Let $X,Y$ be banach spaces and $T: X \to Y$ a bounded linear map. I'm trying to show that if $T^*$ (adjoint of $T$) is surjective, then $T$ is bounded below, i.e. ${\exists} c>0$ s.t $||T(x)|| \ge c||x||$ for all $x \in X$.
I'm completely lost on this one, tried to use the open mapping theorem but getting nowhere. Any ideas?
It suffices to show that there is a constant $M$ such that $\|Tx\| \le 1$ implies $\|x\| \le M$.
You were on the right track thinking about the open mapping theorem. Instead we'll use Banach-Steinhaus.
Let $A = \{x \in X : \|Tx\| \le 1\}$. For each $x \in A$ define the functional $Jx \in T^{**}$ by $\langle Jx,x^*\rangle = \langle x^*,x\rangle$ for any $x^* \in X^*$. The usual norm formulas tell you $\|x\| = \|Jx\|$.

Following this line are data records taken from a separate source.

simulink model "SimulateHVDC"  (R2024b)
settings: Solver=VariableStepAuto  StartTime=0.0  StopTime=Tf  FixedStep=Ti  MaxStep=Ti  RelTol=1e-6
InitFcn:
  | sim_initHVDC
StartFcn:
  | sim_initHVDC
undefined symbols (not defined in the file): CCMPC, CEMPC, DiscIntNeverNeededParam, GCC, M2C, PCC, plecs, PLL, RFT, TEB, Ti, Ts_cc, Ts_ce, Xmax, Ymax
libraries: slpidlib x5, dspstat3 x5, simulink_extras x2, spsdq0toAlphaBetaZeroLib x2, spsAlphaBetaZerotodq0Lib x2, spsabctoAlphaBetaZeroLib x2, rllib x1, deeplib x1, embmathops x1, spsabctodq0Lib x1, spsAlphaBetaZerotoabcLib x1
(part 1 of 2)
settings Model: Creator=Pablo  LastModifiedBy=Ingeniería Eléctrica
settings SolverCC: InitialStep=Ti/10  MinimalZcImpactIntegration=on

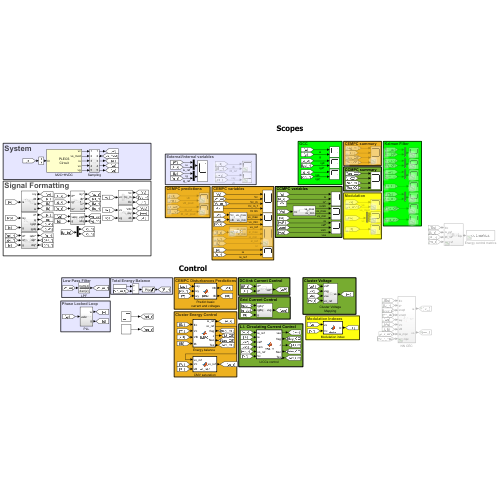
[thumbnail: Simulink's stored preview of the top-level diagram]
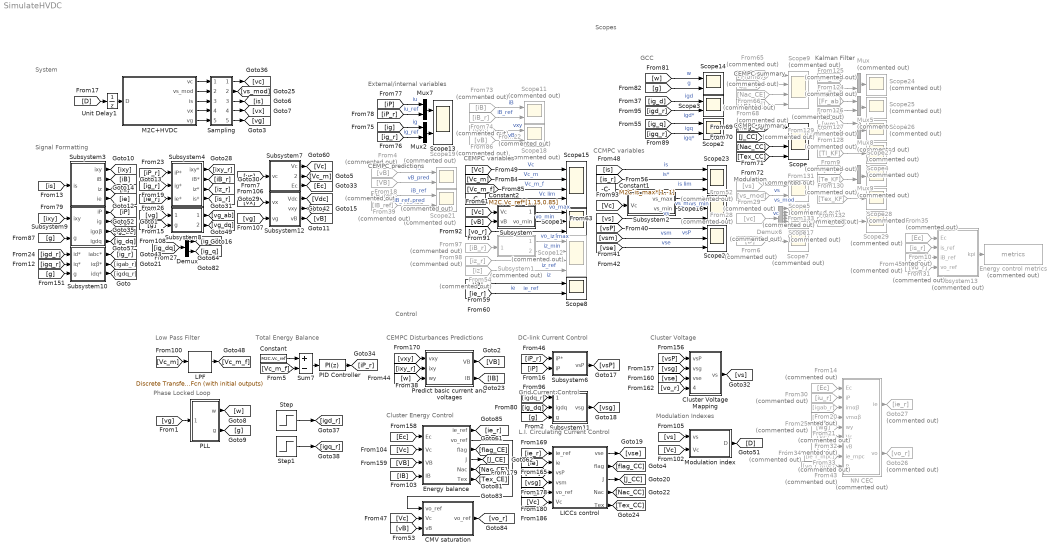
== system SimulateHVDC ==
  note: Control
  note: System
  note: Signal Formatting
  note: CCMPC summary
  note: DC-link Current Control
  note: Modulation Indexes
  note: CEMPC variables
  note: Total Energy Balance
  note: Modulation
  note: External/internal variables
  note: GCC
  note: CCMPC variables
  note: Kalman Filter
  note: CEMPC predictions
  note: CEMPC summary
  note: Low Pass Filter
  note: Cluster Energy Control
  note: CEMPC Disturbances Predictions
  note: Scopes
  note: Grid Current Control
  note: L.I. Circulating Current Control
  note: Cluster Voltage
  note: Phase Locked Loop
  CMV saturation : MATLAB Function  TreatAsAtomicUnit=on  SystemSampleTime=Ts_cc
  Cluster Voltage Mapping : Subsystem
  Constant : Constant  Value=M2C.Vc_ref  SampleTime=Ts_ce
  Constant1 : Constant  Value=M2C.is_max*[1,-1]  SampleTime=Ts_cc
  Constant2 : Constant  Value=M2C.Vc_ref*[1.15,0.85]  SampleTime=Ts_cc
  Demux : Demux  Outputs=2
  Demux6 : Demux  Commented=on  Outputs=M2C.m
  Energy balance : MATLAB Function  TreatAsAtomicUnit=on  SystemSampleTime=CEMPC.Ts
  Energy control metrics : ToWorkspace  Commented=on  VariableName=metrics  SaveFormat=Timeseries  SampleTime=-1
  From10 : From  Commented=on  GotoTag=is_r
  From124 : From  Commented=on  GotoTag=im_ab
  From125 : From  Commented=on  GotoTag=im_KF
  From126 : From  Commented=on  GotoTag=Fr_ab
  From127 : From  Commented=on  GotoTag=Fr_KF
  From128 : From  Commented=on  GotoTag=wm
  From129 : From  Commented=on  GotoTag=wm_KF
  From130 : From  Commented=on  GotoTag=Te
  From131 : From  Commented=on  GotoTag=Te_KF
  From132 : From  Commented=on  GotoTag=Tex_KF
  From133 : From  Commented=on  GotoTag=NIS_KF
  From14 : From  Commented=on  GotoTag=Ec
  From18 : From  Commented=on  GotoTag=VB
  From20 : From  Commented=on  GotoTag=igab_r
  From21 : From  Commented=on  GotoTag=vm_ab
  From22 : From  Commented=on  GotoTag=vB
  From25 : From  Commented=on  GotoTag=wg
  From28 : From  Commented=on  GotoTag=vc
  From29 : From  Commented=on  GotoTag=vs
  From30 : From  Commented=on  GotoTag=iu_r
  From31 : From  Commented=on  GotoTag=iB_r
  From32 : From  Commented=on  GotoTag=Vc
  From33 : From  Commented=on  GotoTag=vB
  From34 : From  Commented=on  GotoTag=ie_r_mpc
  From35 : From  Commented=on  GotoTag=Ec
  From36 : From  Commented=on  GotoTag=IB_ref
  From39 : From  Commented=on  GotoTag=iB_ref
  From4 : From  Commented=on  GotoTag=vB
  From43 : From  Commented=on  GotoTag=vo_r_mpc
  From45 : From  Commented=on  GotoTag=vo_r
  From52 : From  Commented=on  GotoTag=vs_mod
  From54 : From  Commented=on  GotoTag=iz
  From6 : From  Commented=on  GotoTag=D
  From65 : From  Commented=on  GotoTag=flag_CE
  From66 : From  Commented=on  GotoTag=J_CE
  From67 : From  Commented=on  GotoTag=Nac_CE
  From68 : From  Commented=on  GotoTag=Tex_CE
  From73 : From  Commented=on  GotoTag=iB
  From74 : From  Commented=on  GotoTag=iB_r
  From86 : From  Commented=on  GotoTag=vxy
  From9 : From  Commented=on  GotoTag=Tl_KF
  From97 : From  Commented=on  GotoTag=iB_r
  From98 : From  Commented=on  GotoTag=iz_r
  Goto26 : Goto  Commented=on  GotoTag=vo_r
  Goto27 : Goto  Commented=on  GotoTag=ie_r
  LICCs control : MATLAB Function  TreatAsAtomicUnit=on  SystemSampleTime=CCMPC.Ts
  LPF : simulink_extras/Additional Discrete/Discrete Transfer Fcn (with initial outputs)  N=[TEB.b1 TEB.b0]  D=[TEB.a1 TEB.a0]  U0=M2C.Vc_ref  Y0=M2C.Vc_ref  TS=TEB.Ts
  M2C+HVDC : Subsystem  LoadFcn=plecs('sl', 200);  InitFcn=plecs('sl', 214);  StartFcn=plecs('sl', 208);  StopFcn=plecs('sl', 209);  mask(PlecsCircuit){PLECSData=<binary blob, 24188 chars, not shown>}
      mask prompts: PLECSData "PLECS Data (Do not delete or modify!)"
      mask init:
      | % PLACE CUSTOM INITIALIZATIONS ABOVE
      | % DO NOT REMOVE
      | plecs('sl', 215);
      | % DO NOT REMOVE
      settings: CopyFcn=plecs('sl', 203);  DeleteFcn=plecs('sl', 205);  UndoDeleteFcn=plecs('sl', 206);  PreSaveFcn=plecs('sl', 211);  PostSaveFcn=plecs('sl', 201);  NameChangeFcn=plecs('sl', 210);  DestroyFcn=plecs('sl', 207);  PreCopyFcn=plecs('sl', 216);  OpenFcn=plecs('sl', 202);  ErrorFcn=plerrorfcn
      mask Help: eval('plecs(''help'', ''qthelp:///creatingacircuit.html'')')
      mask Display: disp('PLECS\nCircuit')
  Modulation index : MATLAB Function  TreatAsAtomicUnit=on  SystemSampleTime=CCMPC.Ts
  Mux : Mux  Commented=on  Inputs=[2; 2]
  Mux2 : Mux  Inputs=[3; 3]
  Mux5 : Mux  Commented=on  Inputs=[2; 2]
  Mux7 : Mux  Inputs=2
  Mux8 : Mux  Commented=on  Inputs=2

Fix $x^* \in X^*$. Since $T^*$ is onto there exists $y^* \in Y^*$ with $x^* = T^*y^*$. For each $x \in A$ you obtain $$\langle Jx,x^* \rangle = \langle x^*,x \rangle = \langle T^*y^*,x\rangle = \langle y^*,Tx\rangle \le \|y^*\|.$$ Thus $$\sup_{x \in A} \langle Jx,x^*\rangle \le \|y^*\|$$ so that the family of functionals $\{Jx : x \in A\}$ is pointwise bounded. The Banach-Steinhaus theorem implies $$\sup_{x \in A}\|Jx\| < \infty.$$ If you denote that supremum by $M$ you find that $$\|Tx\| \le 1 \implies x \in A \implies \|Jx\| \le M \implies \|x\| \le M$$ which is the statement we needed.